Rape issues do come up sometimes, but in the major cases apparently mainly to make a point to the audience. I.e. said pirate captain explains to her male captives / new crew members that on her ship, nobody cares with whom you have sex, but forcing anyone holds the death penalty. There's an historical aside in the first book that tells us that the sex workers basically unionized seperately from the male-dominated crime syndicates because some of the male pimps belonging to said crime syndicates used to sexually abuse them, which the sex workers eventually answered with rebellion, killing the worst pimps and starting a turf war so brutal and effective that even the current crime king who killed all the other crime bosses in a power grab never dared mess with the truce they had eventually established with the new female-led sex worker guilds. The feminist character at one point angrily explains a fantastical version of Shroedinger’s Rapist crossed with that awful African virgin-blood-heals-STDs-myth to the hero, in horrifying detail, to get through to him why she has trust issues with men. (No, she wasn’t actually attacked – but she feels that she’s had to be on her guard all her life.) And the only offscreen-attempted-rape-as-drama scene I can remember right now seems to exist both to give the heroes major trouble (the rapist was their bankroller/mark and a noble, and he got stabbed to death by his socially underprivileged victim before he even got the clothes off her, which means now their con is under water and they have to save their survivor friend from the law, which would be on the noble's side…), but also so the entire cast of ‘good guys’ can take down an older male authority figure in their group for his victim blaming. I could practically see the author going “See, boys?
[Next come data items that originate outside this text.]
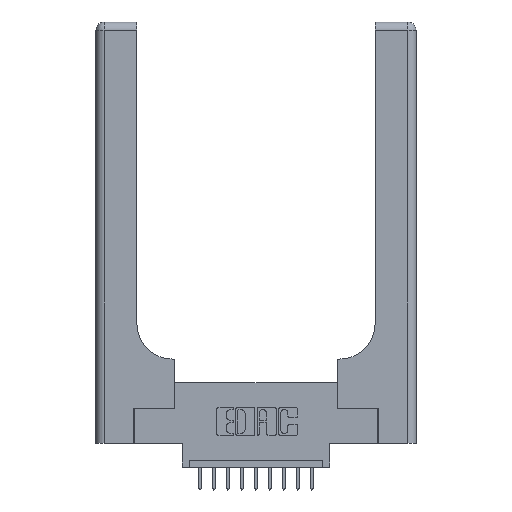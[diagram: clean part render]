
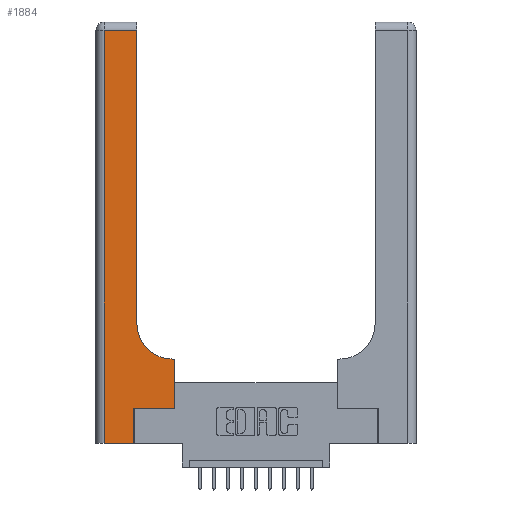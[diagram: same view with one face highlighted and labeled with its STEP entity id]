
A CAD part, top view. The second image highlights one B-rep face of the part: STEP entity #1884.
In plain terms, the highlighted planar face has unit normal (0, 0, 1).
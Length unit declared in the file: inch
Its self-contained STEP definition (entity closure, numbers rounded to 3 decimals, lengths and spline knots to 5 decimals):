
#224 = CARTESIAN_POINT ( 'NONE',  ( 0.2915, 0.6, 0.37 ) ) ;
#412 = VECTOR ( 'NONE', #5298, 39.37008 ) ;
#674 = FACE_OUTER_BOUND ( 'NONE', #16496, .T. ) ;
#1247 = EDGE_CURVE ( 'NONE', #13207, #6034, #7113, .T. ) ;
#1469 = VERTEX_POINT ( 'NONE', #1929 ) ;
#1557 = CARTESIAN_POINT ( 'NONE',  ( 0.06, 0., 0.37 ) ) ;
#1884 = ADVANCED_FACE ( 'NONE', ( #674 ), #8360, .F. ) ;
#1929 = CARTESIAN_POINT ( 'NONE',  ( 0.06, 2.94, 0.37 ) ) ;
#2017 = DIRECTION ( 'NONE',  ( -1., 0., 0. ) ) ;
#2790 = CARTESIAN_POINT ( 'NONE',  ( 0.2915, 3., 0.37 ) ) ;
#2985 = CARTESIAN_POINT ( 'NONE',  ( 0.5585, 0.25, 0.37 ) ) ;
#3104 = DIRECTION ( 'NONE',  ( 0., 1., 0. ) ) ;
#3157 = VECTOR ( 'NONE', #4562, 39.37008 ) ;
#3801 = EDGE_CURVE ( 'NONE', #5965, #1469, #4281, .T. ) ;
#3925 = CARTESIAN_POINT ( 'NONE',  ( 0.5415, 0.6, 0.37 ) ) ;
#3981 = DIRECTION ( 'NONE',  ( -1., 0., 0. ) ) ;
#4088 = DIRECTION ( 'NONE',  ( 0., 1., 0. ) ) ;
#4189 = CARTESIAN_POINT ( 'NONE',  ( 0.5415, 0.85, 0.37 ) ) ;
#4281 = LINE ( 'NONE', #15075, #5456 ) ;
#4562 = DIRECTION ( 'NONE',  ( 0., 1., 0. ) ) ;
#4927 = ORIENTED_EDGE ( 'NONE', *, *, #10710, .T. ) ;
#5298 = DIRECTION ( 'NONE',  ( 1., 0., 0. ) ) ;
#5456 = VECTOR ( 'NONE', #7388, 39.37008 ) ;
#5472 = LINE ( 'NONE', #10953, #6262 ) ;
#5574 = VERTEX_POINT ( 'NONE', #3925 ) ;
#5611 = ORIENTED_EDGE ( 'NONE', *, *, #8566, .T. ) ;
#5673 = LINE ( 'NONE', #2790, #9838 ) ;
#5813 = DIRECTION ( 'NONE',  ( 0., 0., -1. ) ) ;
#5936 = DIRECTION ( 'NONE',  ( 0., -1., 0. ) ) ;
#5965 = VERTEX_POINT ( 'NONE', #11740 ) ;
#5984 = CARTESIAN_POINT ( 'NONE',  ( 0.269, 0., 0.37 ) ) ;
#6010 = CARTESIAN_POINT ( 'NONE',  ( 0.269, 0.25, 0.37 ) ) ;
#6034 = VERTEX_POINT ( 'NONE', #6010 ) ;
#6070 = LINE ( 'NONE', #2985, #13276 ) ;
#6248 = ORIENTED_EDGE ( 'NONE', *, *, #9788, .T. ) ;
#6262 = VECTOR ( 'NONE', #5936, 39.37008 ) ;
#6464 = VECTOR ( 'NONE', #3981, 39.37008 ) ;
#7108 = ORIENTED_EDGE ( 'NONE', *, *, #3801, .T. ) ;
#7113 = LINE ( 'NONE', #5984, #3157 ) ;
#7388 = DIRECTION ( 'NONE',  ( -1., 0., 0. ) ) ;
#8030 = LINE ( 'NONE', #14194, #412 ) ;
#8059 = ORIENTED_EDGE ( 'NONE', *, *, #14907, .T. ) ;
#8360 = PLANE ( 'NONE',  #12251 ) ;
#8391 = CARTESIAN_POINT ( 'NONE',  ( 0.5585, 0.25, 0.37 ) ) ;
#8566 = EDGE_CURVE ( 'NONE', #5574, #14475, #8682, .T. ) ;
#8589 = VERTEX_POINT ( 'NONE', #15667 ) ;
#8682 = CIRCLE ( 'NONE', #15657, 0.25 ) ;
#9118 = ORIENTED_EDGE ( 'NONE', *, *, #1247, .T. ) ;
#9221 = LINE ( 'NONE', #224, #6464 ) ;
#9788 = EDGE_CURVE ( 'NONE', #13257, #8589, #6070, .T. ) ;
#9838 = VECTOR ( 'NONE', #4088, 39.37008 ) ;
#9841 = EDGE_CURVE ( 'NONE', #6034, #13257, #10455, .T. ) ;
#9959 = EDGE_CURVE ( 'NONE', #1469, #11561, #5472, .T. ) ;
#10455 = LINE ( 'NONE', #14553, #11872 ) ;
#10648 = DIRECTION ( 'NONE',  ( 1., 0., 0. ) ) ;
#10710 = EDGE_CURVE ( 'NONE', #11561, #13207, #8030, .T. ) ;
#10880 = CARTESIAN_POINT ( 'NONE',  ( 0., 3., 0.37 ) ) ;
#10953 = CARTESIAN_POINT ( 'NONE',  ( 0.06, 3., 0.37 ) ) ;
#11561 = VERTEX_POINT ( 'NONE', #1557 ) ;
#11740 = CARTESIAN_POINT ( 'NONE',  ( 0.2915, 2.94, 0.37 ) ) ;
#11872 = VECTOR ( 'NONE', #10648, 39.37008 ) ;
#12251 = AXIS2_PLACEMENT_3D ( 'NONE', #10880, #5813, #2017 ) ;
#12821 = ORIENTED_EDGE ( 'NONE', *, *, #9841, .T. ) ;
#12918 = DIRECTION ( 'NONE',  ( 0., 0., -1. ) ) ;
#13207 = VERTEX_POINT ( 'NONE', #16111 ) ;
#13257 = VERTEX_POINT ( 'NONE', #8391 ) ;
#13276 = VECTOR ( 'NONE', #3104, 39.37008 ) ;
#13300 = CARTESIAN_POINT ( 'NONE',  ( 0.2915, 0.85, 0.37 ) ) ;
#14042 = ORIENTED_EDGE ( 'NONE', *, *, #14946, .T. ) ;
#14194 = CARTESIAN_POINT ( 'NONE',  ( 0., 0., 0.37 ) ) ;
#14469 = ORIENTED_EDGE ( 'NONE', *, *, #9959, .T. ) ;
#14475 = VERTEX_POINT ( 'NONE', #13300 ) ;
#14553 = CARTESIAN_POINT ( 'NONE',  ( 0.269, 0.25, 0.37 ) ) ;
#14907 = EDGE_CURVE ( 'NONE', #14475, #5965, #5673, .T. ) ;
#14946 = EDGE_CURVE ( 'NONE', #8589, #5574, #9221, .T. ) ;
#15075 = CARTESIAN_POINT ( 'NONE',  ( 0., 2.94, 0.37 ) ) ;
#15553 = DIRECTION ( 'NONE',  ( 1., 0., 0. ) ) ;
#15657 = AXIS2_PLACEMENT_3D ( 'NONE', #4189, #12918, #15553 ) ;
#15667 = CARTESIAN_POINT ( 'NONE',  ( 0.5585, 0.6, 0.37 ) ) ;
#16111 = CARTESIAN_POINT ( 'NONE',  ( 0.269, 0., 0.37 ) ) ;
#16496 = EDGE_LOOP ( 'NONE', ( #8059, #7108, #14469, #4927, #9118, #12821, #6248, #14042, #5611 ) ) ;
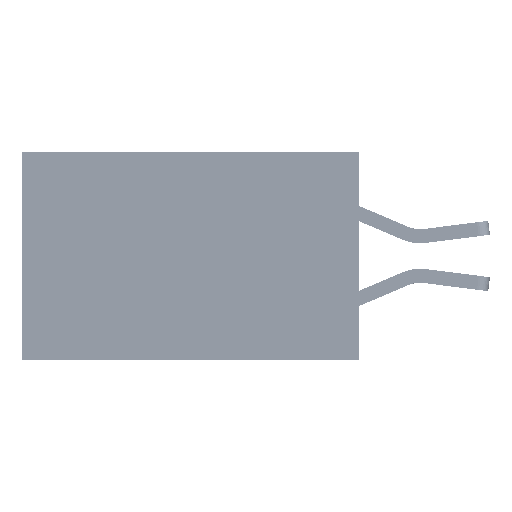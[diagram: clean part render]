
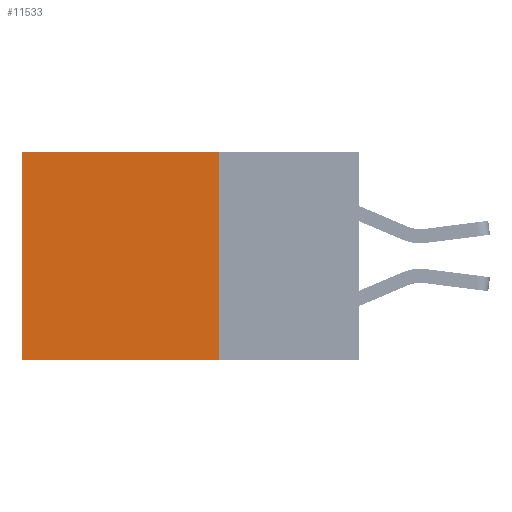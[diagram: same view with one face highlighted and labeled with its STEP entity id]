
A CAD part, left-side view. The second image highlights one B-rep face of the part: STEP entity #11533.
In plain terms, the highlighted planar face has unit normal (-1, 0, 0).
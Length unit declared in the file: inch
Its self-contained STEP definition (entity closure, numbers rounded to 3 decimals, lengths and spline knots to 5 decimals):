
#1570 = PLANE ( 'NONE',  #3063 ) ;
#3063 = AXIS2_PLACEMENT_3D ( 'NONE', #19715, #16365, #28388 ) ;
#3756 = LINE ( 'NONE', #12844, #23546 ) ;
#3829 = VECTOR ( 'NONE', #10021, 39.37008 ) ;
#4122 = ORIENTED_EDGE ( 'NONE', *, *, #29698, .T. ) ;
#10021 = DIRECTION ( 'NONE',  ( 0., 0., -1. ) ) ;
#11533 = ADVANCED_FACE ( 'NONE', ( #16752 ), #1570, .F. ) ;
#11986 = EDGE_CURVE ( 'NONE', #38269, #18502, #34051, .T. ) ;
#12844 = CARTESIAN_POINT ( 'NONE',  ( 0.2875, 0.25, 0. ) ) ;
#15598 = DIRECTION ( 'NONE',  ( 0., 1., 0. ) ) ;
#16130 = CARTESIAN_POINT ( 'NONE',  ( 0.2875, 0.6, 0. ) ) ;
#16365 = DIRECTION ( 'NONE',  ( 1., 0., 0. ) ) ;
#16585 = VERTEX_POINT ( 'NONE', #33455 ) ;
#16752 = FACE_OUTER_BOUND ( 'NONE', #19250, .T. ) ;
#17295 = ORIENTED_EDGE ( 'NONE', *, *, #11986, .F. ) ;
#17411 = DIRECTION ( 'NONE',  ( 0., 0., -1. ) ) ;
#18502 = VERTEX_POINT ( 'NONE', #35322 ) ;
#18964 = ORIENTED_EDGE ( 'NONE', *, *, #30864, .F. ) ;
#19079 = DIRECTION ( 'NONE',  ( 0., 1., 0. ) ) ;
#19250 = EDGE_LOOP ( 'NONE', ( #23423, #17295, #18964, #4122 ) ) ;
#19715 = CARTESIAN_POINT ( 'NONE',  ( 0.2875, 0.25, 0. ) ) ;
#21666 = LINE ( 'NONE', #16130, #3829 ) ;
#21809 = VECTOR ( 'NONE', #17411, 39.37008 ) ;
#23423 = ORIENTED_EDGE ( 'NONE', *, *, #28434, .T. ) ;
#23546 = VECTOR ( 'NONE', #15598, 39.37008 ) ;
#25056 = VECTOR ( 'NONE', #19079, 39.37008 ) ;
#28388 = DIRECTION ( 'NONE',  ( 0., 0., -1. ) ) ;
#28434 = EDGE_CURVE ( 'NONE', #16585, #18502, #21666, .T. ) ;
#29698 = EDGE_CURVE ( 'NONE', #30256, #16585, #3756, .T. ) ;
#30152 = CARTESIAN_POINT ( 'NONE',  ( 0.2875, 0.25, 0. ) ) ;
#30256 = VERTEX_POINT ( 'NONE', #30152 ) ;
#30864 = EDGE_CURVE ( 'NONE', #30256, #38269, #38102, .T. ) ;
#30902 = CARTESIAN_POINT ( 'NONE',  ( 0.2875, 0.25, -0.37 ) ) ;
#33339 = CARTESIAN_POINT ( 'NONE',  ( 0.2875, 0.25, -0.37 ) ) ;
#33455 = CARTESIAN_POINT ( 'NONE',  ( 0.2875, 0.6, 0. ) ) ;
#34051 = LINE ( 'NONE', #30902, #25056 ) ;
#35322 = CARTESIAN_POINT ( 'NONE',  ( 0.2875, 0.6, -0.37 ) ) ;
#38102 = LINE ( 'NONE', #38688, #21809 ) ;
#38269 = VERTEX_POINT ( 'NONE', #33339 ) ;
#38688 = CARTESIAN_POINT ( 'NONE',  ( 0.2875, 0.25, 0. ) ) ;

This is how you should react when your friends pull this shit.”
He does do the "it only happens to women" thing, somewhat, but in this case I find it forgivable, because he seems to use at least the third book, where rape issues come up most, to educate his audience about real world feminist issues (seriously, the discussions between the teenage feminist and the main character at the same age read like half-formed, frustrated Tumblr manifests about things like institutional male privilege and Nice Guy behavior and male entitlement to female attention, and the main character is almost too accepting and willing to change about it all - like I bet the author wishes he was at 16, now that he finally gets it), and it does happen far more to women in the real world, so.
I think the only times sexual assault of male characters comes up is in the context of the threat of child abuse (the world has rarely mentioned underground slave trade, and the main characters all grew up unprotected on the streets - or rather, the only good thing about their early childhood protector was that he would literally rather kill them than sell them to the slavers to be sexually abused); some unfortunate thoughtless bravado / threats by the heroes ("We'll rip off your arm and stuff it where the sun doesn't shine" and variations thereof, nothing actually sexually motivated); and one time when the main hero tries to rile up a guy by accusing him of intending to date-rape his male drinking companions, in rather colorful detail. Which, on the one hand: it's better than just accusing him of being gay, and the fact that "rapist" is THE accusation that gets men really furious in no time flat is a good insight for an author who's trying to be more feminist. I think that was also why it had to be male-on-male date-rape, because the scene is treated as funny. (As in: the character's childish delight in saying something extremely vulgar and the accused's spluttering "I don't know how to express my outrage while still maintaining decorum" reaction is meant to be funny, not the idea that someone might be raped.) I suppose the author didn't want to make a rape joke about assaulting women, or write about false rape accusations involving women at any point. However, a rape joke about men is still a rape joke, and the implication that the worst insult the main character can think of is "gay rapist" rather than just "rapist" is still problematic, IMHO.